I Ty was given another lease on life, even with his dysfunctional design, we may have a chance to actually compete!
So once again, I pulled out my Googlenomics degree and got us some info on good techniques. Ty and I worked feverishly together to pull everything together. It was actually really fun teaching him about polishing axles and lubricating wheels. By the end of the night, we had a car that I thought would not only finish the race but even have a chance of beating a car or two.
Then race day came and all of that confidence came crashing down. I took one look at the competition and knew we were in for trouble. A second look at the extremely LONG track and trouble was an understatement. At that point the best that I could hope for was for our car to make it all the way down the track. I also ran into a few of “Those Dads” that I mentioned earlier. It was quite sad, one Dad even scolded his son for requesting to hold HIS car. After that, my outlook took a completely different view. It didn’t matter if Ty’s car had all its wheels fall off, the fact that we built it together and he was in charge of the direction construction took was enough to make me all warm and fuzzy inside.
Well race time was upon us and we all waited patiently for Ty’s car to make its way to the track. Finally it was his turn and I prayed that his car made it to the finish line. The look on the other kids faces when their cars didn’t finish was almost unbearable.

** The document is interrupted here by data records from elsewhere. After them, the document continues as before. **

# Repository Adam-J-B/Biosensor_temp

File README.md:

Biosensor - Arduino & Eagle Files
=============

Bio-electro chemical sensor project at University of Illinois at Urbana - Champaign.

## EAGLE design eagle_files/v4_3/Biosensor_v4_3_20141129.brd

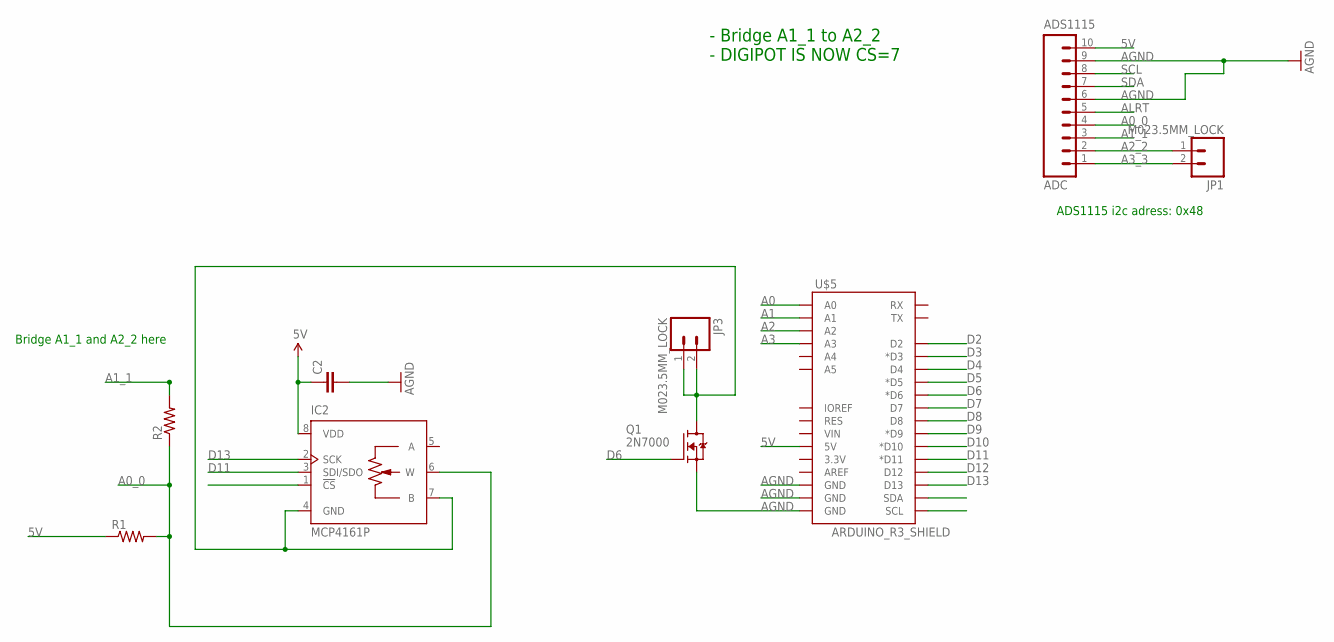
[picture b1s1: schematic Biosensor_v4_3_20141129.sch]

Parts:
ADS1115: ADC; 1X10_LOCK
C2: CAPKIT; CAP-PTH-SMALL-KIT
IC2: MCP4161P; DIL08
JP1, JP3: M023.5MM_LOCK; SCREWTERMINAL-3.5MM-2_LOCK
Q1: 2N7000; TO-92
R1, R2: RESISTORPTH-1/2W; AXIAL-0.5
U$5: ARDUINO_R3_SHIELD; UNO_R3_SHIELD

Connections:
5V: ADS1115.10, C2.1, IC2.8 (VDD), R1.P$1 (1), U$5.5V
A0: U$5.A0
A0_0: ADS1115.4, IC2.6 (W), R1.P$2 (2), R2.P$1 (1)
A1: U$5.A1
A1_1: ADS1115.3, R2.P$2 (2)
A2: U$5.A2
A2_2: ADS1115.2, JP1.1
A3: U$5.A3
A3_3: ADS1115.1, JP1.2
AGND: ADS1115.6, ADS1115.9, C2.2, Q1.1 (S), U$5.GND@0 (GND), U$5.GND@1 (GND), U$5.GND@2 (GND)
ALRT: ADS1115.5
D2: U$5.D2
D3: U$5.D3 (*D3)
D4: U$5.D4
D5: U$5.D5 (*D5)
D6: Q1.2 (G), U$5.D6 (*D6)
D7: IC2.1 (!CS), U$5.D7
D8: U$5.D8
D9: U$5.D9 (*D9)
D10: U$5.D10 (*D10)
D11: IC2.3 (SDI/SDO), U$5.D11 (*D11)
D12: U$5.D12
D13: IC2.2 (SCK), U$5.D13
unnamed: IC2.4 (GND), IC2.7 (B), JP3.1, JP3.2, Q1.3 (D)
SCL: ADS1115.8, U$5.SCL
SDA: ADS1115.7, U$5.SDA

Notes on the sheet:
ADS1115 i2c adress: 0x48
- Bridge A1_1 to A2_2 - DIGIPOT IS NOW CS=7
Bridge A1_1 and A2_2 here

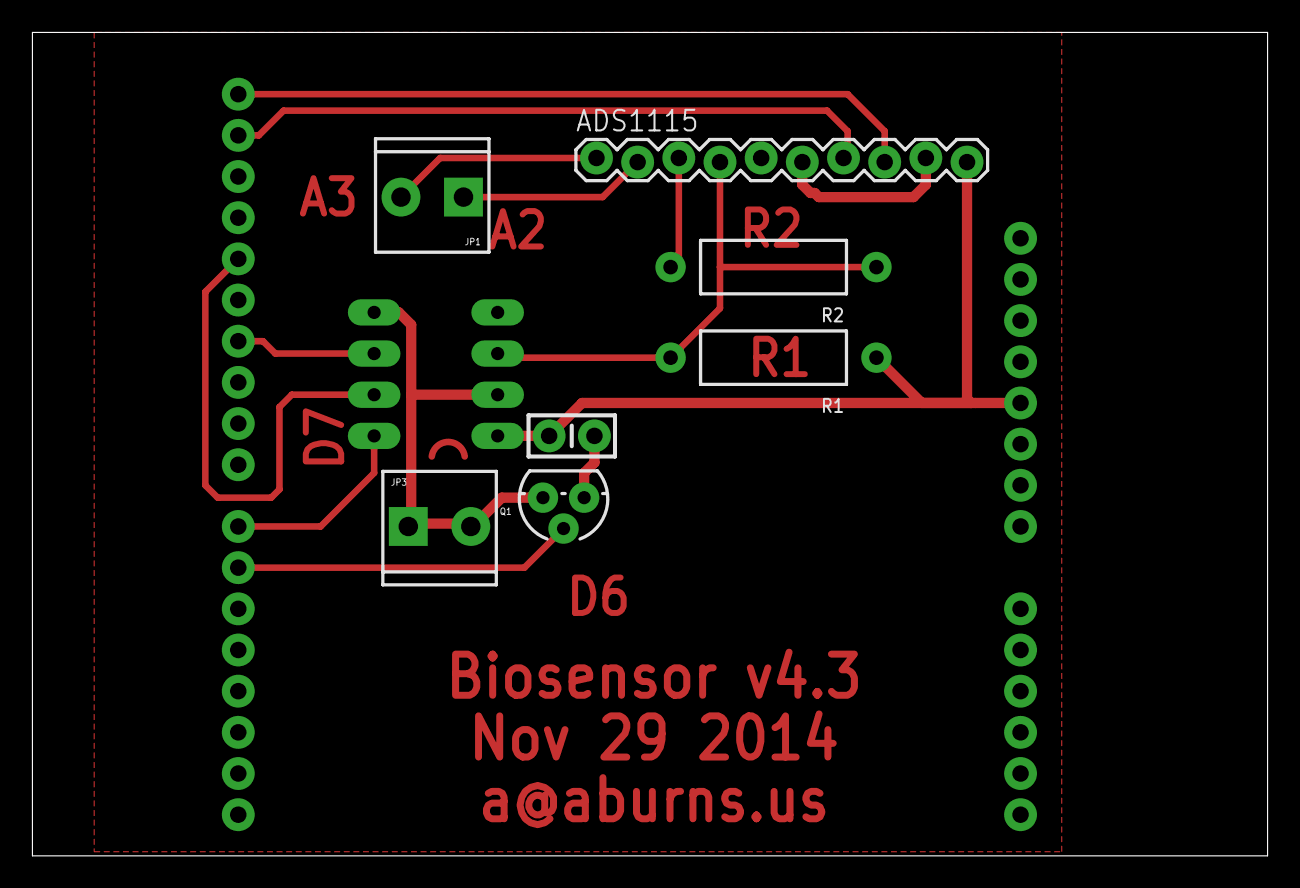
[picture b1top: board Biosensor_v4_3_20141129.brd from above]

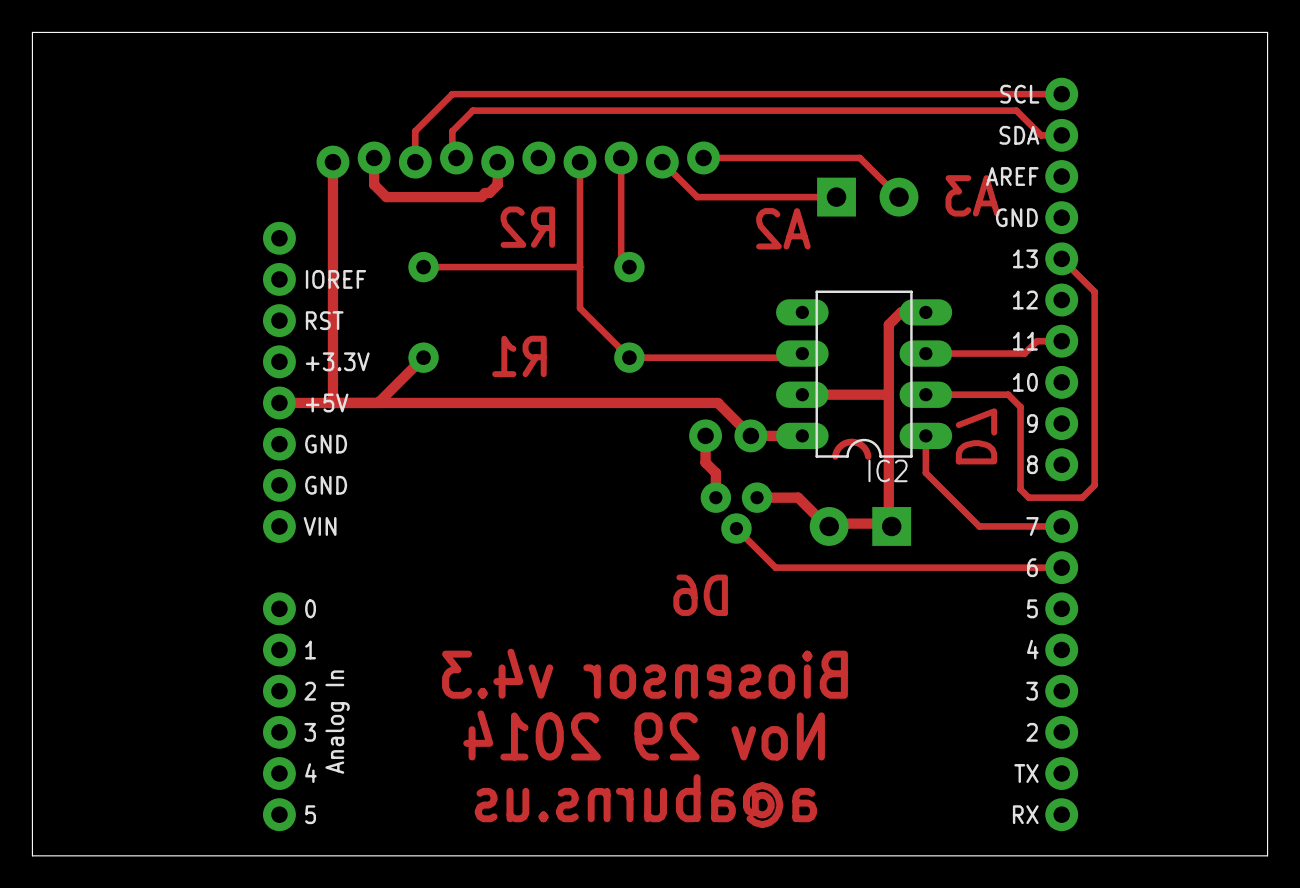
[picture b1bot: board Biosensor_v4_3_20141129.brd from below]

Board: 2 copper layers, 76.2 x 50.8 mm, 9 parts (2 on the bottom side), 13 nets.

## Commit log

2015-03-16 :lollipop: Added .gitattributes & .gitignore files

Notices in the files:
parts and their libraries:
SparkFun-Resistors: Licensing: Creative Commons ShareAlike 4.0 International - https://creativecommons.org/licenses/by-sa/4.0
SparkFun-Connectors: Licensing: CC v3.0 Share-Alike You are welcome to use this library for commercial purposes.

The whistle blew, the pins dropped and the cars were on their way. Much to my surprise, Ty’s car was actually competing, keeping up with the other cars while going down the slop. Then the cars hit the straight away and that’s when it happened. That’s when I noticed Ty’s car take a commanding lead, decimating the competition by an entire second!!! I couldn’t believe it, our car took freaking 1st place in the first race. We were so excited! The 2nd and 3rd races yielded 2nd place results. I was totally stunned, we were doing way better than I had anticipated. Then the last race came and we pulled off another first place win. This was unbelievable, our car did excellent and might even win a medal for 2nd place in our Den. Ty was pumped and so was I as we quietly awaited the final results.
The results were in and Den #9 winners were being announced. Ty’s name wasn’t called for 3rd place, he looked disappointed. I knew he had 2nd place on lock, so I wasn’t worried. Ty’s name wasn’t called for 2nd place, now I looked disappointed; we had come so far and competed so hard to walk away empty handed. That’s when 1st place was announced and Ty’s name was heard crystal clear. It was amazing, we took first place in our Den, more than either of us imagined. But that wasn’t the end of it, the Pack (50 cars in total) were about to be announced. Coming in 5th place, a 2 way tie, and one of those cars belonged to Ty. WHHHHAAAATTTT, we took 5th place, 5th freaking place? That means we get a trophy, a freaking trophy!!! Ty and I took his design from the little car who could and turned it into the little car that did!
I think I took the win more personal than Ty did, I may be the first person in history to “pop bottles” in celebration of a derby car victory.